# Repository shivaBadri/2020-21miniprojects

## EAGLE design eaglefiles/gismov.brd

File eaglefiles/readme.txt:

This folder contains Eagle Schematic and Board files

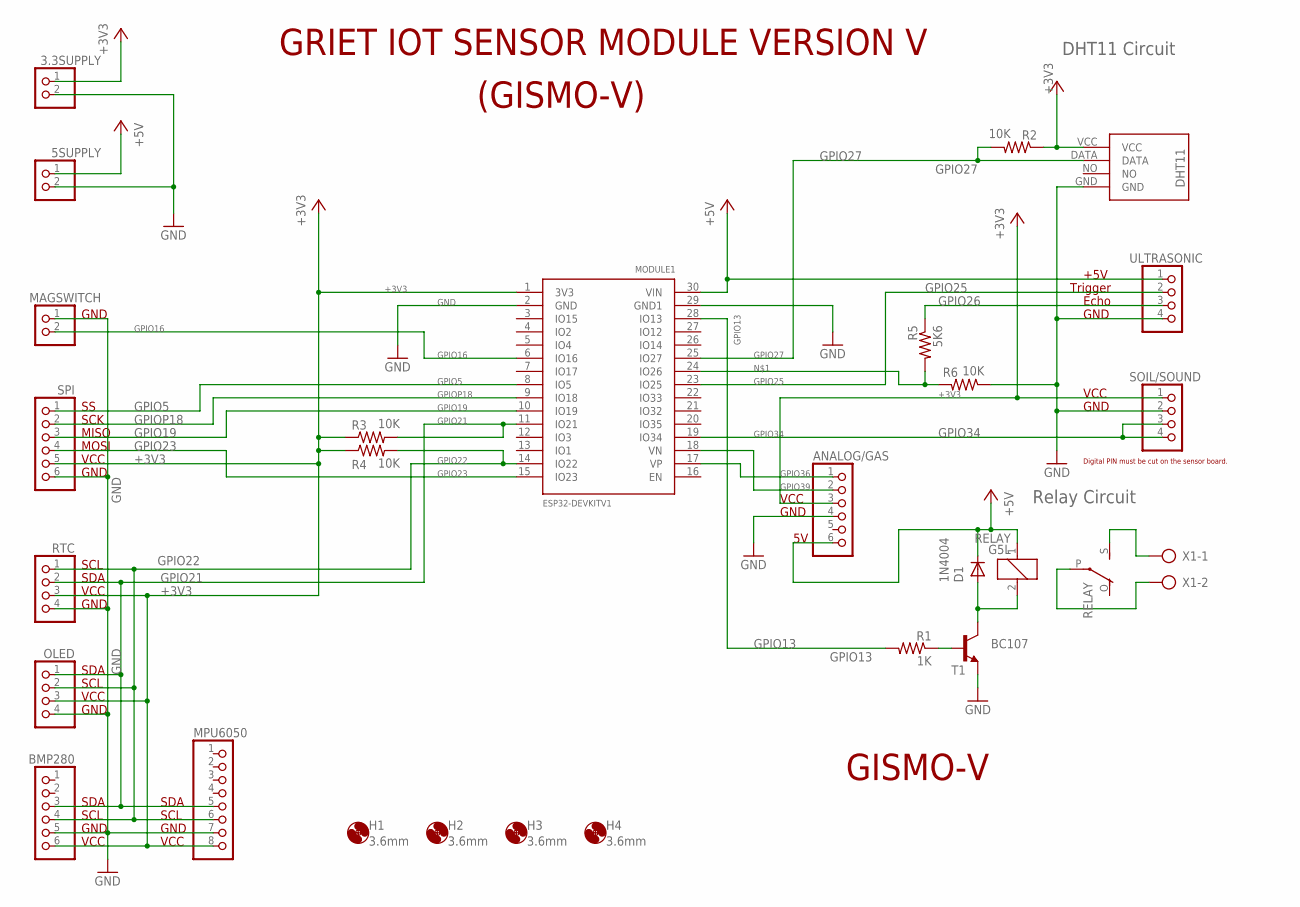
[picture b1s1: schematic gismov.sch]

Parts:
3.3SUPPLY, 5SUPPLY: PINHD-1X2; 1X02
ANALOG/GAS: PINHD-1X6; 1X06
BMP280: PINHD-1X6; 1X06
D1: 1N4004; DO41-10
H1, H2, H3, H4: 3.6mm; 3,6
MAGSWITCH: PINHD-1X2; 1X02
MODULE1: ESP32DEVKITV1; ESP32-DEVKITV1
MPU6050: PINHD-1X8; 1X08
OLED: PINHD-1X4; 1X04
R1: 1K; 0204/7
R2, R3, R4, R6: 10K; 0204/7
R5: 5K6; 0204/7
RELAY: G5L; G5LE
RTC: PINHD-1X4; 1X04
SOIL/SOUND: PINHD-1X4; 1X04
SPI: PINHD-1X6; 1X06
T1: BC107; TO18
U$2: DHT11
ULTRASONIC: PINHD-1X4; 1X04
X1: AK500/2

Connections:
+3V3: 3.3SUPPLY.1, ANALOG/GAS.3, BMP280.6, MODULE1.1 (3V3), MPU6050.8, OLED.3, R2.1, R3.1, R4.1, RTC.3, SOIL/SOUND.1, SPI.5, U$2.VCC
+5V: 5SUPPLY.1, ANALOG/GAS.6, D1.C, MODULE1.30 (VIN), RELAY.1, ULTRASONIC.1
GND: 3.3SUPPLY.2, 5SUPPLY.2, ANALOG/GAS.4, BMP280.5, MAGSWITCH.1, MODULE1.2 (GND), MODULE1.29 (GND1), MPU6050.7, OLED.4, R6.1, RTC.4, SOIL/SOUND.2, SPI.6, T1.1 (E), U$2.GND, ULTRASONIC.4
GPIO5: MODULE1.8 (IO5), SPI.1
GPIO13: MODULE1.28 (IO13), R1.2
GPIO16: MAGSWITCH.2, MODULE1.6 (IO16)
GPIO19: MODULE1.10 (IO19), SPI.3
GPIO21: BMP280.3, MODULE1.11 (IO21), MPU6050.5, OLED.1, R3.2, RTC.2
GPIO22: BMP280.4, MODULE1.14 (IO22), MPU6050.6, OLED.2, R4.2, RTC.1
GPIO23: MODULE1.15 (IO23), SPI.4
GPIO25: MODULE1.23 (IO25), ULTRASONIC.2
GPIO26: R5.1, ULTRASONIC.3
GPIO27: MODULE1.25 (IO27), R2.2, U$2.DATA
GPIO34: MODULE1.19 (IO34), SOIL/SOUND.3, SOIL/SOUND.4
GPIO36: ANALOG/GAS.1, MODULE1.17 (VP)
GPIO39: ANALOG/GAS.2, MODULE1.18 (VN)
GPIOP18: MODULE1.9 (IO18), SPI.2
unnamed: MODULE1.24 (IO26), R5.2, R6.2
unnamed: D1.A, RELAY.2, T1.3 (C)
unnamed: RELAY.P, X1.2
unnamed: RELAY.S, X1.1
unnamed: R1.1, T1.2 (B)

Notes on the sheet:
GISMO-V
DHT11 Circuit
Relay Circuit
GRIET IOT SENSOR MODULE VERSION V
(GISMO-V)
VCC
GND
SCL
SDA
SCK
MISO
MOSI
+5V
Trigger
Echo
Digital PIN must be cut on the sensor board.

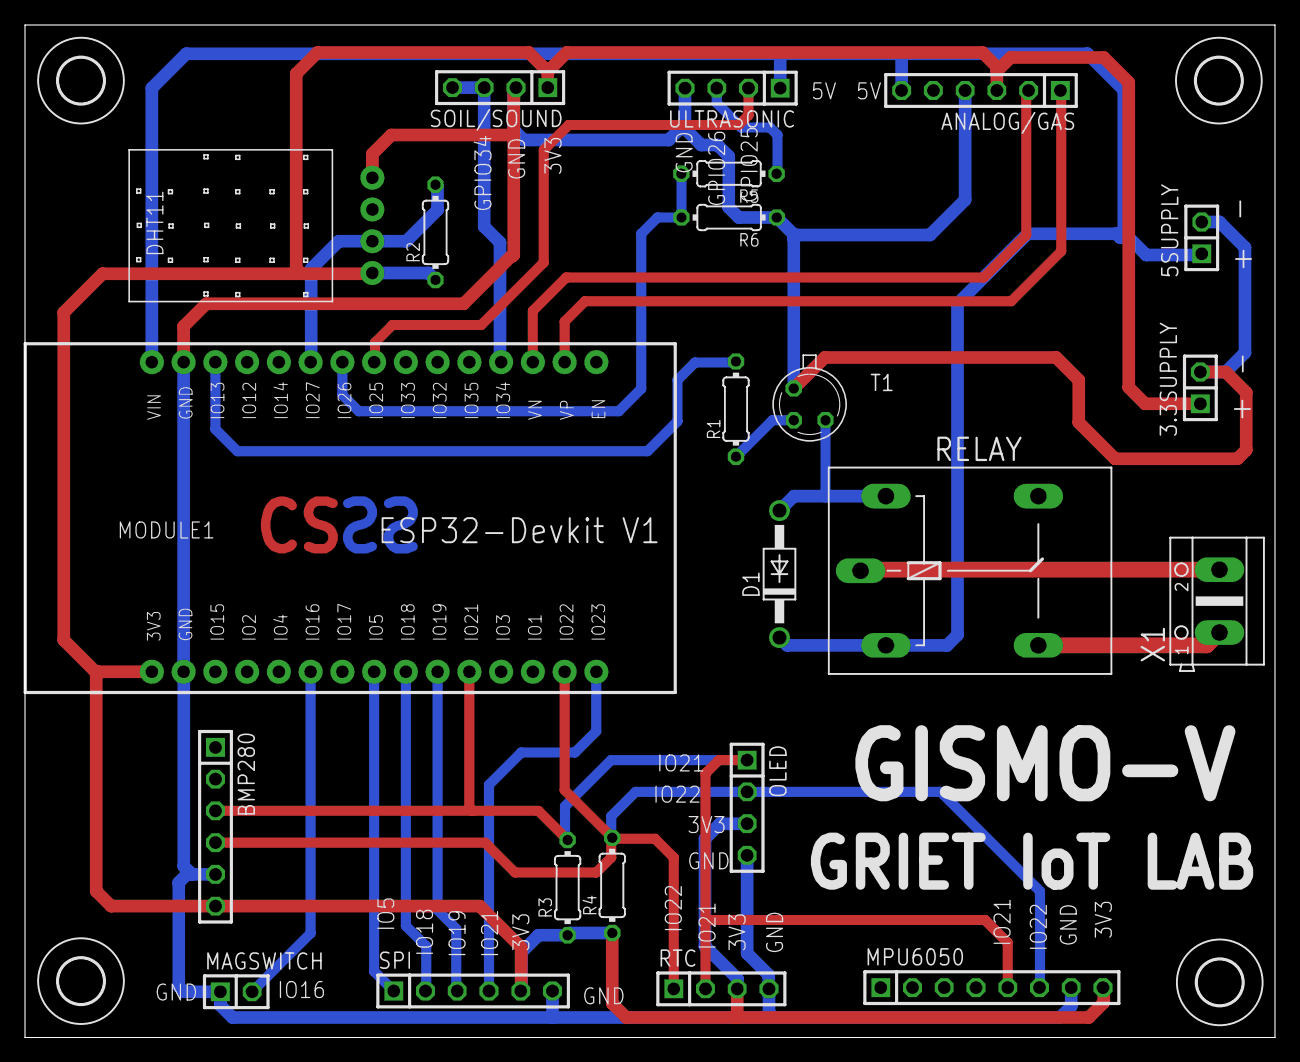
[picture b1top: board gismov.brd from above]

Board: 2 copper layers, 100.0 x 81.0 mm, 27 parts (0 on the bottom side), 22 nets.

What to work on –
Leave out the pictures and copy exactly the lines from the one with "This folder contains" through the last line of the records above.

Response area –
This folder contains Eagle Schematic and Board files

[picture b1s1: schematic gismov.sch]

Parts:
3.3SUPPLY, 5SUPPLY: PINHD-1X2; 1X02
ANALOG/GAS: PINHD-1X6; 1X06
BMP280: PINHD-1X6; 1X06
D1: 1N4004; DO41-10
H1, H2, H3, H4: 3.6mm; 3,6
MAGSWITCH: PINHD-1X2; 1X02
MODULE1: ESP32DEVKITV1; ESP32-DEVKITV1
MPU6050: PINHD-1X8; 1X08
OLED: PINHD-1X4; 1X04
R1: 1K; 0204/7
R2, R3, R4, R6: 10K; 0204/7
R5: 5K6; 0204/7
RELAY: G5L; G5LE
RTC: PINHD-1X4; 1X04
SOIL/SOUND: PINHD-1X4; 1X04
SPI: PINHD-1X6; 1X06
T1: BC107; TO18
U$2: DHT11
ULTRASONIC: PINHD-1X4; 1X04
X1: AK500/2

Connections:
+3V3: 3.3SUPPLY.1, ANALOG/GAS.3, BMP280.6, MODULE1.1 (3V3), MPU6050.8, OLED.3, R2.1, R3.1, R4.1, RTC.3, SOIL/SOUND.1, SPI.5, U$2.VCC
+5V: 5SUPPLY.1, ANALOG/GAS.6, D1.C, MODULE1.30 (VIN), RELAY.1, ULTRASONIC.1
GND: 3.3SUPPLY.2, 5SUPPLY.2, ANALOG/GAS.4, BMP280.5, MAGSWITCH.1, MODULE1.2 (GND), MODULE1.29 (GND1), MPU6050.7, OLED.4, R6.1, RTC.4, SOIL/SOUND.2, SPI.6, T1.1 (E), U$2.GND, ULTRASONIC.4
GPIO5: MODULE1.8 (IO5), SPI.1
GPIO13: MODULE1.28 (IO13), R1.2
GPIO16: MAGSWITCH.2, MODULE1.6 (IO16)
GPIO19: MODULE1.10 (IO19), SPI.3
GPIO21: BMP280.3, MODULE1.11 (IO21), MPU6050.5, OLED.1, R3.2, RTC.2
GPIO22: BMP280.4, MODULE1.14 (IO22), MPU6050.6, OLED.2, R4.2, RTC.1
GPIO23: MODULE1.15 (IO23), SPI.4
GPIO25: MODULE1.23 (IO25), ULTRASONIC.2
GPIO26: R5.1, ULTRASONIC.3
GPIO27: MODULE1.25 (IO27), R2.2, U$2.DATA
GPIO34: MODULE1.19 (IO34), SOIL/SOUND.3, SOIL/SOUND.4
GPIO36: ANALOG/GAS.1, MODULE1.17 (VP)
GPIO39: ANALOG/GAS.2, MODULE1.18 (VN)
GPIOP18: MODULE1.9 (IO18), SPI.2
unnamed: MODULE1.24 (IO26), R5.2, R6.2
unnamed: D1.A, RELAY.2, T1.3 (C)
unnamed: RELAY.P, X1.2
unnamed: RELAY.S, X1.1
unnamed: R1.1, T1.2 (B)

Notes on the sheet:
GISMO-V
DHT11 Circuit
Relay Circuit
GRIET IOT SENSOR MODULE VERSION V
(GISMO-V)
VCC
GND
SCL
SDA
SCK
MISO
MOSI
+5V
Trigger
Echo
Digital PIN must be cut on the sensor board.

[picture b1top: board gismov.brd from above]

Board: 2 copper layers, 100.0 x 81.0 mm, 27 parts (0 on the bottom side), 22 nets.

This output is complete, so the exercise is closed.